* _Work required_
Pictures aside, the data must be reproduced exactly.

(Exercise inputs begins)

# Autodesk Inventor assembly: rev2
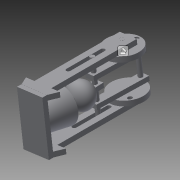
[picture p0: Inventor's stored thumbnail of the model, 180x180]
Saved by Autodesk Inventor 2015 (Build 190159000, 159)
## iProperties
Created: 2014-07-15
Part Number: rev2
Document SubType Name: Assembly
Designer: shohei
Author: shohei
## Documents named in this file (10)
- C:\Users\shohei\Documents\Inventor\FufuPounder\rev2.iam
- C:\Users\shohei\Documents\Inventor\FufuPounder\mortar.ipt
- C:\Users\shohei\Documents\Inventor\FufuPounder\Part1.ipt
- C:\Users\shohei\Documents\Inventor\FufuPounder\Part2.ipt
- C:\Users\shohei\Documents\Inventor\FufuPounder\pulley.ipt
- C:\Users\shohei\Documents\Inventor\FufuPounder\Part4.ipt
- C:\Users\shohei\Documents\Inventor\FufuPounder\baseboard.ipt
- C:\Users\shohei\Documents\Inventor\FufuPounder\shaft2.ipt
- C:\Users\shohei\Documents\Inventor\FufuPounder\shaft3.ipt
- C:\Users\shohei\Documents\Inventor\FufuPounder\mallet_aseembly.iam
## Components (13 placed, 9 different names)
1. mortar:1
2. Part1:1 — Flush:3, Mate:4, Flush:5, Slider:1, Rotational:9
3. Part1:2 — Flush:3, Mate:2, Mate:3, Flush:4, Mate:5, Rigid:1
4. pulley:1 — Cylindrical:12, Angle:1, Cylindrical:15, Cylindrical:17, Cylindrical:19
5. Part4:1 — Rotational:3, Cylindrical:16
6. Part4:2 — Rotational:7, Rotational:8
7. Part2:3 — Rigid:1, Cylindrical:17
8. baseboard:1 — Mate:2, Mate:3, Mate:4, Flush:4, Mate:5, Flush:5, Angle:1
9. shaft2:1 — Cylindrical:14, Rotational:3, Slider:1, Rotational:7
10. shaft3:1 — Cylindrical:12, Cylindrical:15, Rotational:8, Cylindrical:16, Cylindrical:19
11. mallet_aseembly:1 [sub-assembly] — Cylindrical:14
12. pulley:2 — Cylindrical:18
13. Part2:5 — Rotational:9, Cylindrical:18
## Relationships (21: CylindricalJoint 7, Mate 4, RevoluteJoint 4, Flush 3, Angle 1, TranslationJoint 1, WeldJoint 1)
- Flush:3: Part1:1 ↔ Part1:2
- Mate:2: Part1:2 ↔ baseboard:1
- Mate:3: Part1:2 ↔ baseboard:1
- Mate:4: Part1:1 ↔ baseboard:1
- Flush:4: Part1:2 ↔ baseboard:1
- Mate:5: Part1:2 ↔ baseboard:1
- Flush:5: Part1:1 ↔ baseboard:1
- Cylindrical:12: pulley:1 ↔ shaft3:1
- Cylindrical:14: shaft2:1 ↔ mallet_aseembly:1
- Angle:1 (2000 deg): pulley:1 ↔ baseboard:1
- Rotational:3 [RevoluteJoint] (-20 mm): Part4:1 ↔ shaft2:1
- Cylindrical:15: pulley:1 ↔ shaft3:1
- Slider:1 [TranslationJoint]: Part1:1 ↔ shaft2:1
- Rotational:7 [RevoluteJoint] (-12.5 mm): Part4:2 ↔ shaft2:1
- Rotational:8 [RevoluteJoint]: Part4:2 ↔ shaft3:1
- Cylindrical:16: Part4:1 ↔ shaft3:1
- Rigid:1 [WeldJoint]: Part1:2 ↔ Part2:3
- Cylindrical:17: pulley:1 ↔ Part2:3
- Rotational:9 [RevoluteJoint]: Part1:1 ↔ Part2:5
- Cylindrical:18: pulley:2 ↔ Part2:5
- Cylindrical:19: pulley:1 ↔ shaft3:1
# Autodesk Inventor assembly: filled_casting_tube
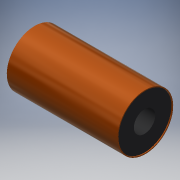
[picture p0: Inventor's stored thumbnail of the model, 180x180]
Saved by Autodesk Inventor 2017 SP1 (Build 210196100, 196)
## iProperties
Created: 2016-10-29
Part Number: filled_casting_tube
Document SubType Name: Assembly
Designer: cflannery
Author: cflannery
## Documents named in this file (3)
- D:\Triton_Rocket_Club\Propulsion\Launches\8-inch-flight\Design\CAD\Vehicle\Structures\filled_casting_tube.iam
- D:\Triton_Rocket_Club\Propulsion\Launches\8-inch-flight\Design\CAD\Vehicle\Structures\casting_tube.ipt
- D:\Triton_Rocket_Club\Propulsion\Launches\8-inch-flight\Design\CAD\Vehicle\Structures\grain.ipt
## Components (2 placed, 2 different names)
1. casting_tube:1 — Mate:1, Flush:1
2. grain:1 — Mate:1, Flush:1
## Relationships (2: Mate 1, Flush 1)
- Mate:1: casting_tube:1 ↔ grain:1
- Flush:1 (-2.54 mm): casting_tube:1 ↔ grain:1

(Exercise inputs ends)

* _Your response_
# Autodesk Inventor assembly: rev2
[picture p0: Inventor's stored thumbnail of the model, 180x180]
Saved by Autodesk Inventor 2015 (Build 190159000, 159)
## iProperties
Created: 2014-07-15
Part Number: rev2
Document SubType Name: Assembly
Designer: shohei
Author: shohei
## Documents named in this file (10)
- C:\Users\shohei\Documents\Inventor\FufuPounder\rev2.iam
- C:\Users\shohei\Documents\Inventor\FufuPounder\mortar.ipt
- C:\Users\shohei\Documents\Inventor\FufuPounder\Part1.ipt
- C:\Users\shohei\Documents\Inventor\FufuPounder\Part2.ipt
- C:\Users\shohei\Documents\Inventor\FufuPounder\pulley.ipt
- C:\Users\shohei\Documents\Inventor\FufuPounder\Part4.ipt
- C:\Users\shohei\Documents\Inventor\FufuPounder\baseboard.ipt
- C:\Users\shohei\Documents\Inventor\FufuPounder\shaft2.ipt
- C:\Users\shohei\Documents\Inventor\FufuPounder\shaft3.ipt
- C:\Users\shohei\Documents\Inventor\FufuPounder\mallet_aseembly.iam
## Components (13 placed, 9 different names)
1. mortar:1
2. Part1:1 — Flush:3, Mate:4, Flush:5, Slider:1, Rotational:9
3. Part1:2 — Flush:3, Mate:2, Mate:3, Flush:4, Mate:5, Rigid:1
4. pulley:1 — Cylindrical:12, Angle:1, Cylindrical:15, Cylindrical:17, Cylindrical:19
5. Part4:1 — Rotational:3, Cylindrical:16
6. Part4:2 — Rotational:7, Rotational:8
7. Part2:3 — Rigid:1, Cylindrical:17
8. baseboard:1 — Mate:2, Mate:3, Mate:4, Flush:4, Mate:5, Flush:5, Angle:1
9. shaft2:1 — Cylindrical:14, Rotational:3, Slider:1, Rotational:7
10. shaft3:1 — Cylindrical:12, Cylindrical:15, Rotational:8, Cylindrical:16, Cylindrical:19
11. mallet_aseembly:1 [sub-assembly] — Cylindrical:14
12. pulley:2 — Cylindrical:18
13. Part2:5 — Rotational:9, Cylindrical:18
## Relationships (21: CylindricalJoint 7, Mate 4, RevoluteJoint 4, Flush 3, Angle 1, TranslationJoint 1, WeldJoint 1)
- Flush:3: Part1:1 ↔ Part1:2
- Mate:2: Part1:2 ↔ baseboard:1
- Mate:3: Part1:2 ↔ baseboard:1
- Mate:4: Part1:1 ↔ baseboard:1
- Flush:4: Part1:2 ↔ baseboard:1
- Mate:5: Part1:2 ↔ baseboard:1
- Flush:5: Part1:1 ↔ baseboard:1
- Cylindrical:12: pulley:1 ↔ shaft3:1
- Cylindrical:14: shaft2:1 ↔ mallet_aseembly:1
- Angle:1 (2000 deg): pulley:1 ↔ baseboard:1
- Rotational:3 [RevoluteJoint] (-20 mm): Part4:1 ↔ shaft2:1
- Cylindrical:15: pulley:1 ↔ shaft3:1
- Slider:1 [TranslationJoint]: Part1:1 ↔ shaft2:1
- Rotational:7 [RevoluteJoint] (-12.5 mm): Part4:2 ↔ shaft2:1
- Rotational:8 [RevoluteJoint]: Part4:2 ↔ shaft3:1
- Cylindrical:16: Part4:1 ↔ shaft3:1
- Rigid:1 [WeldJoint]: Part1:2 ↔ Part2:3
- Cylindrical:17: pulley:1 ↔ Part2:3
- Rotational:9 [RevoluteJoint]: Part1:1 ↔ Part2:5
- Cylindrical:18: pulley:2 ↔ Part2:5
- Cylindrical:19: pulley:1 ↔ shaft3:1
# Autodesk Inventor assembly: filled_casting_tube
[picture p0: Inventor's stored thumbnail of the model, 180x180]
Saved by Autodesk Inventor 2017 SP1 (Build 210196100, 196)
## iProperties
Created: 2016-10-29
Part Number: filled_casting_tube
Document SubType Name: Assembly
Designer: cflannery
Author: cflannery
## Documents named in this file (3)
- D:\Triton_Rocket_Club\Propulsion\Launches\8-inch-flight\Design\CAD\Vehicle\Structures\filled_casting_tube.iam
- D:\Triton_Rocket_Club\Propulsion\Launches\8-inch-flight\Design\CAD\Vehicle\Structures\casting_tube.ipt
- D:\Triton_Rocket_Club\Propulsion\Launches\8-inch-flight\Design\CAD\Vehicle\Structures\grain.ipt
## Components (2 placed, 2 different names)
1. casting_tube:1 — Mate:1, Flush:1
2. grain:1 — Mate:1, Flush:1
## Relationships (2: Mate 1, Flush 1)
- Mate:1: casting_tube:1 ↔ grain:1
- Flush:1 (-2.54 mm): casting_tube:1 ↔ grain:1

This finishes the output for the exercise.